**DATA FOR THIS EXERCISE**
--*--

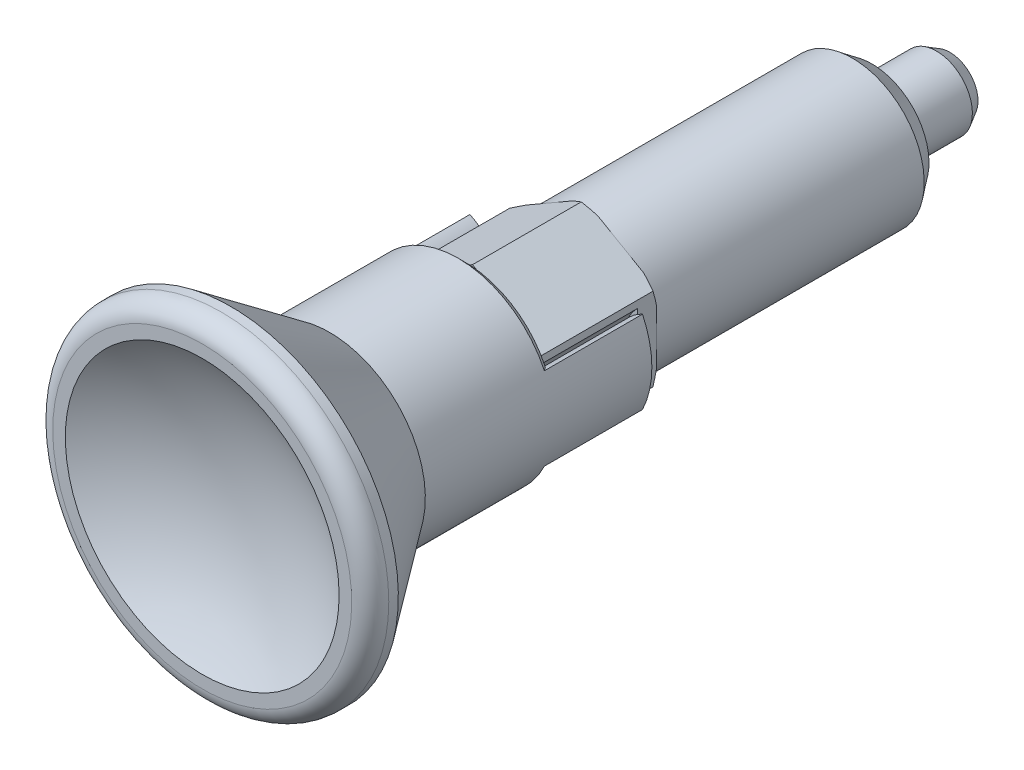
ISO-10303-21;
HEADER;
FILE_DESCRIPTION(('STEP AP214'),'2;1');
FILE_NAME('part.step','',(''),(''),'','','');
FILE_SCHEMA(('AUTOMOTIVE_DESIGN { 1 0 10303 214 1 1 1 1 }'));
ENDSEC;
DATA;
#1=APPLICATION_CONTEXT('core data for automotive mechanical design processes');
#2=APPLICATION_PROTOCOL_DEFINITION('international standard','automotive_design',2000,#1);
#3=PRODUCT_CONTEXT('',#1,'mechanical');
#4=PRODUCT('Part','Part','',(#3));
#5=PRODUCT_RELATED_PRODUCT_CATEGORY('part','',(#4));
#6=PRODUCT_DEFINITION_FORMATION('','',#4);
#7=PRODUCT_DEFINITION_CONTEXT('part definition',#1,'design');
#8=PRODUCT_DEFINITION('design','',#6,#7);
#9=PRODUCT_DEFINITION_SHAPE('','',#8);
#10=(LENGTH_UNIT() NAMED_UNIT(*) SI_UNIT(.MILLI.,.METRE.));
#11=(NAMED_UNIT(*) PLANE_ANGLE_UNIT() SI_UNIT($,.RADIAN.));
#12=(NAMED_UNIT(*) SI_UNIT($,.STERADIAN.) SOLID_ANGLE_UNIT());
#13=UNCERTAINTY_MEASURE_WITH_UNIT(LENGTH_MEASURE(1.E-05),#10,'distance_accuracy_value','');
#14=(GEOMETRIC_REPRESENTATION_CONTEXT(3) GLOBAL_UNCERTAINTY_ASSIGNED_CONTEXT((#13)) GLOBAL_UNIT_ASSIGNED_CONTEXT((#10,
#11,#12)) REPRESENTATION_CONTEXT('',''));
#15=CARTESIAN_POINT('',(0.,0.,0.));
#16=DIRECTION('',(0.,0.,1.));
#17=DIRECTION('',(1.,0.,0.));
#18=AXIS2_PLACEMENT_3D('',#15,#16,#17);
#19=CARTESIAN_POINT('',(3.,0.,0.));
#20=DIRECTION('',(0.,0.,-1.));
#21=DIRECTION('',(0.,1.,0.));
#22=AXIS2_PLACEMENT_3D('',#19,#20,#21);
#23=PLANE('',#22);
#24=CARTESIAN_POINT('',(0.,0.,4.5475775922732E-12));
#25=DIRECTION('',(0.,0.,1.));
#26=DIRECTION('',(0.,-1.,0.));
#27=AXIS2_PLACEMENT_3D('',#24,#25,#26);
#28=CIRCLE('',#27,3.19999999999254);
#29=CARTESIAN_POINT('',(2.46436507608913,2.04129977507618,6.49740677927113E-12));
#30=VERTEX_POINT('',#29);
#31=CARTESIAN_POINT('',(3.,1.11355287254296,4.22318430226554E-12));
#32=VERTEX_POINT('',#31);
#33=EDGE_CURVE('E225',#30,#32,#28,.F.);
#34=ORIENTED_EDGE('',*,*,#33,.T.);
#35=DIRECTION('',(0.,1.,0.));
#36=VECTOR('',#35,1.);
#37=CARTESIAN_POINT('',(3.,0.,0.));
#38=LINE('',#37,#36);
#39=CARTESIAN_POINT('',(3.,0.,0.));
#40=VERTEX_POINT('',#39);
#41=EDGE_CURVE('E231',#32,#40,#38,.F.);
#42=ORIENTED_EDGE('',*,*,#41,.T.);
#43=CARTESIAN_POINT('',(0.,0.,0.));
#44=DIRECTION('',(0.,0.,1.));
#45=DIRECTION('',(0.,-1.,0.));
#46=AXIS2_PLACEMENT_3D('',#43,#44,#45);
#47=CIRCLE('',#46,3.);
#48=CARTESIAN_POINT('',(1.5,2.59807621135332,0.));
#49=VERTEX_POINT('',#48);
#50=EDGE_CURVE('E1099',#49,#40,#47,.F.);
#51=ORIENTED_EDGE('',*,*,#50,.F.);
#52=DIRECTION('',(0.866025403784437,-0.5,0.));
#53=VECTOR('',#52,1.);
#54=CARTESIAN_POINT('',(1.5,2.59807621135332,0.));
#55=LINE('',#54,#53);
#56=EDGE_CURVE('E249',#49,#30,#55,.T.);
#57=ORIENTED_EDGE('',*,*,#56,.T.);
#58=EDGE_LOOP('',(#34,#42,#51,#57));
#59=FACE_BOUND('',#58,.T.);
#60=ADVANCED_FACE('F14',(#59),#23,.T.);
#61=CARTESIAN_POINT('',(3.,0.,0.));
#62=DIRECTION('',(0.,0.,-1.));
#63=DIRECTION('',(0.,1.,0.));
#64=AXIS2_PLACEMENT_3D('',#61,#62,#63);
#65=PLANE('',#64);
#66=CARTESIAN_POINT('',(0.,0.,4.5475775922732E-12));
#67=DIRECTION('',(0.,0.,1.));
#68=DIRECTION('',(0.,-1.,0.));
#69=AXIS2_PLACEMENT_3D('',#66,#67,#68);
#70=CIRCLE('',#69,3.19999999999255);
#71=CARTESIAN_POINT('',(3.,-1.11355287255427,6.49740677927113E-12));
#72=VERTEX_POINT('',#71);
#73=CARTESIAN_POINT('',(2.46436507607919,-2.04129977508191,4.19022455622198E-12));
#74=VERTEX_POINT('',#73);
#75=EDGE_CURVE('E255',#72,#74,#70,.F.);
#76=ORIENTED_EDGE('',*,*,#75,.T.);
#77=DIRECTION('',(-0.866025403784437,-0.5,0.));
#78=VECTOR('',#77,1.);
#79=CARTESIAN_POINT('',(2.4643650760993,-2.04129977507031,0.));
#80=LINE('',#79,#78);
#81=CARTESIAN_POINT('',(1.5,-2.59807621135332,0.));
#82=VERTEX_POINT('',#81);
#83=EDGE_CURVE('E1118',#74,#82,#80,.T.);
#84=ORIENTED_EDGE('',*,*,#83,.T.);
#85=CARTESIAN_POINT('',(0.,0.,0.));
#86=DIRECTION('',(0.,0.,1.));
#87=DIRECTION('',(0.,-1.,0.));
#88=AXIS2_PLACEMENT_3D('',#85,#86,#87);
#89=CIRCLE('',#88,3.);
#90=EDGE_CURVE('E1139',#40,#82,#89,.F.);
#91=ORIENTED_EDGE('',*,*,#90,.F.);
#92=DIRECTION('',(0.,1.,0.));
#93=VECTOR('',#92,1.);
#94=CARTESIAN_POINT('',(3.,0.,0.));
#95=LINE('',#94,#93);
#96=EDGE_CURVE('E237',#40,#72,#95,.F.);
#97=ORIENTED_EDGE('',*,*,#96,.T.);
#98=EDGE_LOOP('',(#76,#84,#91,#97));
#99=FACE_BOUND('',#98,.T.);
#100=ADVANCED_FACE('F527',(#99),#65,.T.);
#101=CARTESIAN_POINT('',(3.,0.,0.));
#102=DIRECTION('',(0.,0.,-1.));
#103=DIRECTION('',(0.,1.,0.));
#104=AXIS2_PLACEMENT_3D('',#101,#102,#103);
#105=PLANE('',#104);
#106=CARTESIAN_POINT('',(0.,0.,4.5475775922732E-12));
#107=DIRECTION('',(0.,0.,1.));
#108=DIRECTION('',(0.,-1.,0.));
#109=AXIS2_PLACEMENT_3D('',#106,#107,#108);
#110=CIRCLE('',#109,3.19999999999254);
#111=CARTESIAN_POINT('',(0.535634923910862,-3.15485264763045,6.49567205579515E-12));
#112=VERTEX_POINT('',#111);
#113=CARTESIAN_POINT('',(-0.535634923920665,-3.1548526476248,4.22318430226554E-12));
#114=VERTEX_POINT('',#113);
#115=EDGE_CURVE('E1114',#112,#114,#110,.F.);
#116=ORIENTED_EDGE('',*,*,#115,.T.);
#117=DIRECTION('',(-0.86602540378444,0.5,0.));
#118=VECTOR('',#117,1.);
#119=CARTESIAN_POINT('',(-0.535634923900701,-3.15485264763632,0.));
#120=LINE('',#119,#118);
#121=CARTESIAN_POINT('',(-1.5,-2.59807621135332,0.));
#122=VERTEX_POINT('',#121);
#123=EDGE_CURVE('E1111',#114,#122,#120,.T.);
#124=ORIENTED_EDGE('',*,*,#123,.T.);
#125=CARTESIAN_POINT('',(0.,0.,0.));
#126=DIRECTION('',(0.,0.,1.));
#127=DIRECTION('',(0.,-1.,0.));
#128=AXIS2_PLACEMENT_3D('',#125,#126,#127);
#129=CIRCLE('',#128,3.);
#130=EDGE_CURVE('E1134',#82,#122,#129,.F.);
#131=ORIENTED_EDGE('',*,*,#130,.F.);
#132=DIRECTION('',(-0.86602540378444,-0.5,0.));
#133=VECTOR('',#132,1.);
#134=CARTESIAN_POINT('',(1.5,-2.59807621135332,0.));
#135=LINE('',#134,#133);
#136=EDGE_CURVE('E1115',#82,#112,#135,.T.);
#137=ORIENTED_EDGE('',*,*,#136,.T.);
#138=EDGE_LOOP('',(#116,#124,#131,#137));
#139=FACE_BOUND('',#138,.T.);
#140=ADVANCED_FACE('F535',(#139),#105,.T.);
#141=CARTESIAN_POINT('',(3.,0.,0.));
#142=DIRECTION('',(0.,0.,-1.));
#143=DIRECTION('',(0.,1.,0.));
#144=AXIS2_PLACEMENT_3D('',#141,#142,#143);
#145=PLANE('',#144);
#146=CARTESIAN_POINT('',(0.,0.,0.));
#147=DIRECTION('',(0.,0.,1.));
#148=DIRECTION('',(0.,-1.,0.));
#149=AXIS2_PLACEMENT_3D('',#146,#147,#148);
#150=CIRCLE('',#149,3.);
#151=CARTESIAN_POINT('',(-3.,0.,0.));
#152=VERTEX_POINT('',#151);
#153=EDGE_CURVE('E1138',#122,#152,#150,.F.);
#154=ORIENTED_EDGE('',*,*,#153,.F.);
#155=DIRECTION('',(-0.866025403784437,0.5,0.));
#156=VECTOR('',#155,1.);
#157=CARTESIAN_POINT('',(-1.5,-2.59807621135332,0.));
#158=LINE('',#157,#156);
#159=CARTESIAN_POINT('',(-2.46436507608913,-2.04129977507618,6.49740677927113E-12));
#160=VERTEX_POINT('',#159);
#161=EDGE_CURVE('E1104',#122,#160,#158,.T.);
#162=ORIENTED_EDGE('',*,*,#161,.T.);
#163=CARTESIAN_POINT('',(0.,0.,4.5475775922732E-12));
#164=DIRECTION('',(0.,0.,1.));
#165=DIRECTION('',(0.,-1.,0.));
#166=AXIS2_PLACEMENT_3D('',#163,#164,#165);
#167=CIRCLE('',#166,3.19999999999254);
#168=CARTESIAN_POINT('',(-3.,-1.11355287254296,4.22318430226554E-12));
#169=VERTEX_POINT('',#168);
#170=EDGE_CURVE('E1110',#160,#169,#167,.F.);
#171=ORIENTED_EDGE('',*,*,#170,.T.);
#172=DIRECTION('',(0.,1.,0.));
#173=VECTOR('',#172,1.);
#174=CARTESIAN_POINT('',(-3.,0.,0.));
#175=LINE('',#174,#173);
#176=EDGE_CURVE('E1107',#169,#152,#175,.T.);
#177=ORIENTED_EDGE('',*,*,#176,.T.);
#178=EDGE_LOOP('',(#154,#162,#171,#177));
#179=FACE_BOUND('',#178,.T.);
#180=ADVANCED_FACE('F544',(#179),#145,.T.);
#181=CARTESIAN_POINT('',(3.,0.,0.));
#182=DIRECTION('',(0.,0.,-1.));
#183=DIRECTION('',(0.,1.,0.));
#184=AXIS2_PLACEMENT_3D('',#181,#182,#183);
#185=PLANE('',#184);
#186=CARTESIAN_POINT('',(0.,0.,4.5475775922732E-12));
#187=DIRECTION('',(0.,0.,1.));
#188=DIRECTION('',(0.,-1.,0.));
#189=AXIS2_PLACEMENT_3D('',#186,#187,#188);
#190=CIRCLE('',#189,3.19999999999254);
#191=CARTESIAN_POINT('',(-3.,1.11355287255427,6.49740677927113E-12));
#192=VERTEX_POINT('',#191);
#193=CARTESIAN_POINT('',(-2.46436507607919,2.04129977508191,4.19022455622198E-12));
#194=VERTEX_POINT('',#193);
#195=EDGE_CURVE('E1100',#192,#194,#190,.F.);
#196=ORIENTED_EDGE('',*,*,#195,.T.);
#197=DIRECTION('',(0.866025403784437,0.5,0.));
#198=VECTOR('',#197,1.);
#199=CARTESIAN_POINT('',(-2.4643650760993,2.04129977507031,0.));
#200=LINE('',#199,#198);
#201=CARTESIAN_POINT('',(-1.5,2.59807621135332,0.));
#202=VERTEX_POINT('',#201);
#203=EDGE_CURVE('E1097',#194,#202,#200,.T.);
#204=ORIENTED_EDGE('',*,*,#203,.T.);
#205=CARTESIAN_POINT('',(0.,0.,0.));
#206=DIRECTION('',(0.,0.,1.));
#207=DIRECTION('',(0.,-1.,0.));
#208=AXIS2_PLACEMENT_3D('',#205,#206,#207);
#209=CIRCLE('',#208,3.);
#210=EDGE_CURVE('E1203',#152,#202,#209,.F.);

--*--

Repeat, line for line and exactly, the material from its first line through the line that contains "#1=APPLICATION_CONTEXT('core data for", both ends included; no pictures belong in the copy.

**EXERCISE SOLUTION**
ISO-10303-21;
HEADER;
FILE_DESCRIPTION(('STEP AP214'),'2;1');
FILE_NAME('part.step','',(''),(''),'','','');
FILE_SCHEMA(('AUTOMOTIVE_DESIGN { 1 0 10303 214 1 1 1 1 }'));
ENDSEC;
DATA;
#1=APPLICATION_CONTEXT('core data for automotive mechanical design processes');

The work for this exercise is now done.